Joan Chittister might seem an unlikely type to defy the Pope, let alone get away with it. Her dress is sensible, her voice matter-of-fact bordering on clarion, its timbre reminiscent of the kind of sister who for better or worse acquainted generations of parochial schoolers with Catholic discipline. But the liberal church activists who came to hear Chittister speak last week at a Los Angeles conference knew better. They were aware that Sister Joan, her vows notwithstanding, is a longtime feminist firebrand in the midst of a daring gambit. "If Scripture has nothing at all to say about the ordination of women," Chittister asked, "on what basis do we use Jesus as our right to obstruct it?" Her audience thought for a moment, clapped and finally broke into cheers.

Female ordination may be one of the last live bones of contention between the Roman Catholic Church and its U.S. flock. Most American believers have long gone their own way regarding birth control or abortion. But that is not an option when it comes to who celebrates the sacraments, even though 71% of American Catholics surveyed in a May 2000 Gallup poll favored having female priests. Still, Rome has not budged on the issue. In 1994 Pope John Paul II emphatically restated the ban in a pastoral letter, and the Vatican's Congregation for the Doctrine of the Faith declared his decision "infallible" and "not...open to debate." The gag order, even more than the edict, drove church liberals to distraction.

So much so that Chittister, 65, found a way to flout it that the Vatican could not ignore. The tussle began last spring, when Rome learned that the resident of the Mount St. Benedict monastery in Erie, Pa., had agreed to address the first international conference of a group called Women's Ordination Worldwide in Dublin. The conference clearly challenged the debate freeze, and there were even rumors it might "ordain" its own female priests. Accordingly, the Vatican's Congregation for the Institutes of Consecrated Life sent a letter directing Chittister's prioress, Sister Christine Vladimiroff, to issue a "precept of obedience" forbidding Chittister to attend on pain of undefined "just penalties."

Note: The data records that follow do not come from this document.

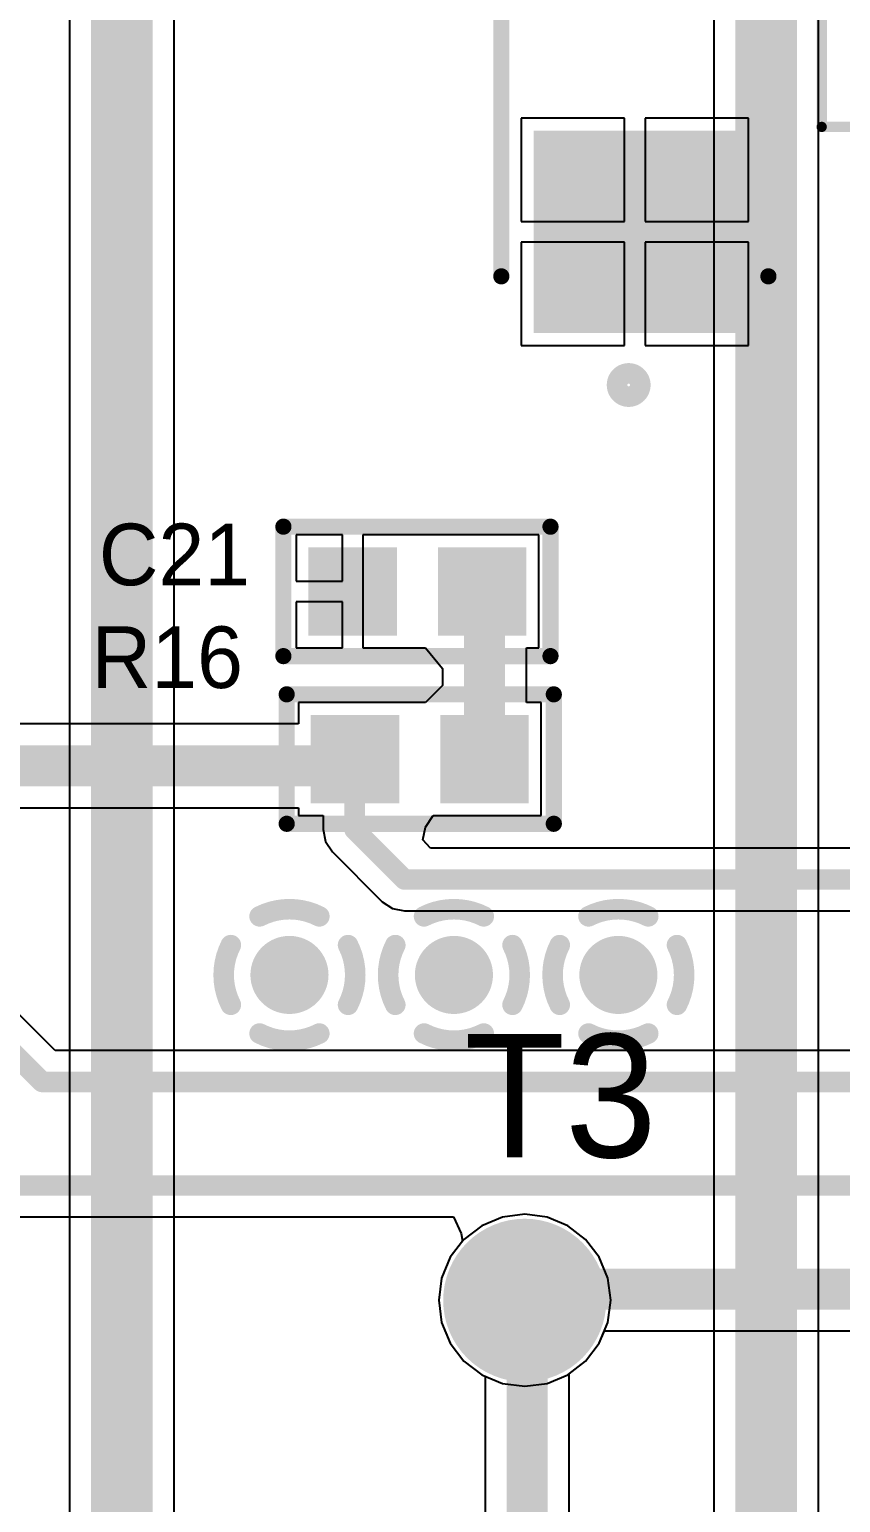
# Model space of a CAD drawing. Header units: millimetres. Extents: x 6.83 to 16.18, y 4.59 to 12.3.
# Drawn here: x 11.163 to 11.558, y 8.978 to 9.695 of the extents above; entities that cross this region are included whole.
import ezdxf

# ---------------------------------------------------------------- set-up
doc = ezdxf.new("R2010")
doc.units = ezdxf.units.MM
doc.header["$MEASUREMENT"] = 0
for name, color, linetype in [('BottomLayer', 5, 'Continuous'), ('BottomSolder', 6, 'Continuous'), ('InternalPlane1', 76, 'Continuous'), ('InternalPlane2', 16, 'Continuous'), ('MultiLayer', 9, 'Continuous'), ('PadHoleLayer', 156, 'Continuous'), ('TopLayer', 1, 'Continuous'), ('TopOverlay', 2, 'Continuous'), ('TopPaste', 8, 'Continuous'), ('TopSolder', 216, 'Continuous'), ('ViaHoleLayer', 16, 'Continuous')]:
    doc.layers.add(name, color=color, linetype=linetype)

# ---------------------------------------------------------------- blocks, each defined once
blk = doc.blocks.new('T___P_____1')
at = {"layer": 'BottomLayer', "const_width": 0.0315}
blk.add_lwpolyline([(-0.01584, -0.0001, 1), (0.01565, -0.0001, 1)], format="xyb", close=True, dxfattribs=at)
at = {"layer": 'BottomSolder', "const_width": 0.0355}
blk.add_lwpolyline([(-0.01784, -0.0001, 1), (0.01765, -0.0001, 1)], format="xyb", close=True, dxfattribs=at)
at = {"layer": 'InternalPlane1', "const_width": 0.03968}
blk.add_lwpolyline([(-0.01994, -0.0001, 1), (0.01975, -0.0001, 1)], format="xyb", close=True, dxfattribs=at)
at = {"layer": 'InternalPlane2', "const_width": 0.03968}
blk.add_lwpolyline([(-0.01994, -0.0001, 1), (0.01975, -0.0001, 1)], format="xyb", close=True, dxfattribs=at)
at = {"layer": 'MultiLayer', "const_width": 0.0315}
blk.add_lwpolyline([(-0.01584, -0.0001, 1), (0.01565, -0.0001, 1)], format="xyb", close=True, dxfattribs=at)
at = {"layer": 'PadHoleLayer', "const_width": 0.01969}
blk.add_lwpolyline([(-0.00994, -0.0001, 1), (0.00975, -0.0001, 1)], format="xyb", close=True, dxfattribs=at)
at = {"layer": 'TopLayer', "const_width": 0.0315}
blk.add_lwpolyline([(-0.01584, -0.0001, 1), (0.01565, -0.0001, 1)], format="xyb", close=True, dxfattribs=at)
at = {"layer": 'TopSolder', "const_width": 0.0355}
blk.add_lwpolyline([(-0.01784, -0.0001, 1), (0.01765, -0.0001, 1)], format="xyb", close=True, dxfattribs=at)
blk = doc.blocks.new('6032_____46')
at = {"layer": 'TopLayer'}
for points in [[(-0.25773, -0.00028), (-0.16718, -0.00028), (-0.25773, 0.09028), (-0.16718, 0.09028)], [(-0.06482, -0.00028), (0.02573, -0.00028), (-0.06482, 0.09028), (0.02573, 0.09028)]]:
    blk.add_solid(points, dxfattribs=at)
at = {"layer": 'TopOverlay', "const_width": 0.00787}
for points in [[(-0.23411, 0.10996), (0.00211, 0.10996)], [(-0.23411, -0.01996), (0.00211, -0.01996)]]:
    blk.add_lwpolyline(points, dxfattribs=at)
at = {"layer": 'TopOverlay'}
for points, const_width in [([(-0.23608, 0.10996, 1), (-0.23214, 0.10996, 1)], 0.00394), ([(0.00014, 0.10996, 1), (0.00408, 0.10996, 1)], 0.00394), ([(-0.28134, 0.048, 1), (-0.29266, 0.048, 1)], 0.01), ([(-0.29516, 0.048, 1), (-0.29016, 0.048, 1)], 0.005), ([(-0.28384, 0.048, 1), (-0.27884, 0.048, 1)], 0.005), ([(-0.23608, -0.01996, 1), (-0.23214, -0.01996, 1)], 0.00394), ([(0.00014, -0.01996, 1), (0.00408, -0.01996, 1)], 0.00394)]:
    blk.add_lwpolyline(points, format="xyb", close=True, dxfattribs=dict(at, const_width=const_width))
at = {"layer": 'TopPaste'}
for points in [[(-0.25773, -0.00028), (-0.16718, -0.00028), (-0.25773, 0.09028), (-0.16718, 0.09028)], [(-0.06482, -0.00028), (0.02573, -0.00028), (-0.06482, 0.09028), (0.02573, 0.09028)]]:
    blk.add_solid(points, dxfattribs=at)
at = {"layer": 'TopSolder'}
for points in [[(-0.26173, -0.00428), (-0.16318, -0.00428), (-0.26173, 0.09428), (-0.16318, 0.09428)], [(-0.06882, -0.00428), (0.02973, -0.00428), (-0.06882, 0.09428), (0.02973, 0.09428)]]:
    blk.add_solid(points, dxfattribs=at)
blk = doc.blocks.new('0805_47')
at = {"layer": 'TopLayer'}
for points in [[(-0.057, 0.05), (-0.117, 0.05), (-0.057, 0), (-0.117, 0)], [(0.033, 0.05), (-0.027, 0.05), (0.033, 0), (-0.027, 0)]]:
    blk.add_solid(points, dxfattribs=at)
at = {"layer": 'TopOverlay', "const_width": 0.005}
for points in [[(-0.137, -0.02), (-0.137, 0.07)], [(-0.062, 0.07), (-0.137, 0.07)], [(0.053, 0.07), (-0.022, 0.07)], [(0.053, -0.02), (0.053, 0.07)], [(-0.062, -0.02), (-0.137, -0.02)], [(0.053, -0.02), (-0.022, -0.02)]]:
    blk.add_lwpolyline(points, dxfattribs=at)
at = {"layer": 'TopOverlay', "const_width": 0.0025}
for points in [[(-0.13825, 0.07, 1), (-0.13575, 0.07, 1)], [(-0.13825, 0.07, 1), (-0.13575, 0.07, 1)], [(-0.06325, 0.07, 1), (-0.06075, 0.07, 1)], [(-0.02325, 0.07, 1), (-0.02075, 0.07, 1)], [(0.05175, 0.07, 1), (0.05425, 0.07, 1)], [(0.05175, 0.07, 1), (0.05425, 0.07, 1)], [(-0.13825, -0.02, 1), (-0.13575, -0.02, 1)], [(-0.13825, -0.02, 1), (-0.13575, -0.02, 1)], [(-0.06325, -0.02, 1), (-0.06075, -0.02, 1)], [(-0.02325, -0.02, 1), (-0.02075, -0.02, 1)], [(0.05175, -0.02, 1), (0.05425, -0.02, 1)], [(0.05175, -0.02, 1), (0.05425, -0.02, 1)]]:
    blk.add_lwpolyline(points, format="xyb", close=True, dxfattribs=at)
at = {"layer": 'TopPaste'}
for points in [[(-0.057, 0.05), (-0.117, 0.05), (-0.057, 0), (-0.117, 0)], [(0.033, 0.05), (-0.027, 0.05), (0.033, 0), (-0.027, 0)]]:
    blk.add_solid(points, dxfattribs=at)
at = {"layer": 'TopSolder'}
for points in [[(-0.053, 0.054), (-0.121, 0.054), (-0.053, -0.004), (-0.121, -0.004)], [(0.037, 0.054), (-0.031, 0.054), (0.037, -0.004), (-0.031, -0.004)]]:
    blk.add_solid(points, dxfattribs=at)
blk = doc.blocks.new('0603_116')
at = {"layer": 'TopLayer'}
for points in [[(0.02175, -0.04726), (0.02175, -0.01226), (-0.01325, -0.04726), (-0.01325, -0.01226)], [(0.02175, -0.11026), (0.02175, -0.07526), (-0.01325, -0.11026), (-0.01325, -0.07526)]]:
    blk.add_solid(points, dxfattribs=at)
at = {"layer": 'TopOverlay', "const_width": 0.00787}
for points in [[(-0.02724, 0.00394), (-0.02724, -0.12598)], [(-0.02724, 0.00394), (0.03575, 0.00394)], [(0.03575, 0.00394), (0.03575, -0.12598)], [(-0.02724, -0.12598), (0.03575, -0.12598)]]:
    blk.add_lwpolyline(points, dxfattribs=at)
at = {"layer": 'TopOverlay', "const_width": 0.00394}
for points in [[(-0.02921, 0.00394, 1), (-0.02528, 0.00394, 1)], [(-0.02921, 0.00394, 1), (-0.02528, 0.00394, 1)], [(0.03378, 0.00394, 1), (0.03772, 0.00394, 1)], [(0.03378, 0.00394, 1), (0.03772, 0.00394, 1)], [(-0.02921, -0.12598, 1), (-0.02528, -0.12598, 1)], [(-0.02921, -0.12598, 1), (-0.02528, -0.12598, 1)], [(0.03378, -0.12598, 1), (0.03772, -0.12598, 1)], [(0.03378, -0.12598, 1), (0.03772, -0.12598, 1)]]:
    blk.add_lwpolyline(points, format="xyb", close=True, dxfattribs=at)
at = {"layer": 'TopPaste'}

At least one other superior receiving similar orders complied. Vladimiroff flew to Rome to discuss the issue. She returned unswayed, and on the night before Chittister's departure for Ireland, Vladimiroff handed her a letter--co-signed by 127 of Mount St. Benedict's 128 active nuns--stating that she would not relay the command. The grounds: Mount St. Benedict is run on a model of "co-responsibility" rather than a "superior-subordinate" model, and prayerful consensus did not support the travel ban. "Silencing is inappropriate. It's patronizing and treats adults as children," Vladimiroff told TIME. "I cannot ask myself to be complicit" in it. Several other female Benedictine monasteries added their support. Thirty-five of Mount St. Benedict's younger nuns pledged that if Chittister were punished, they wanted to share her penalty. Chittister flew to Dublin and in an act of nervous bravado told the crowd, "We're not going to let a little letter from Rome get us down." There were no ordinations.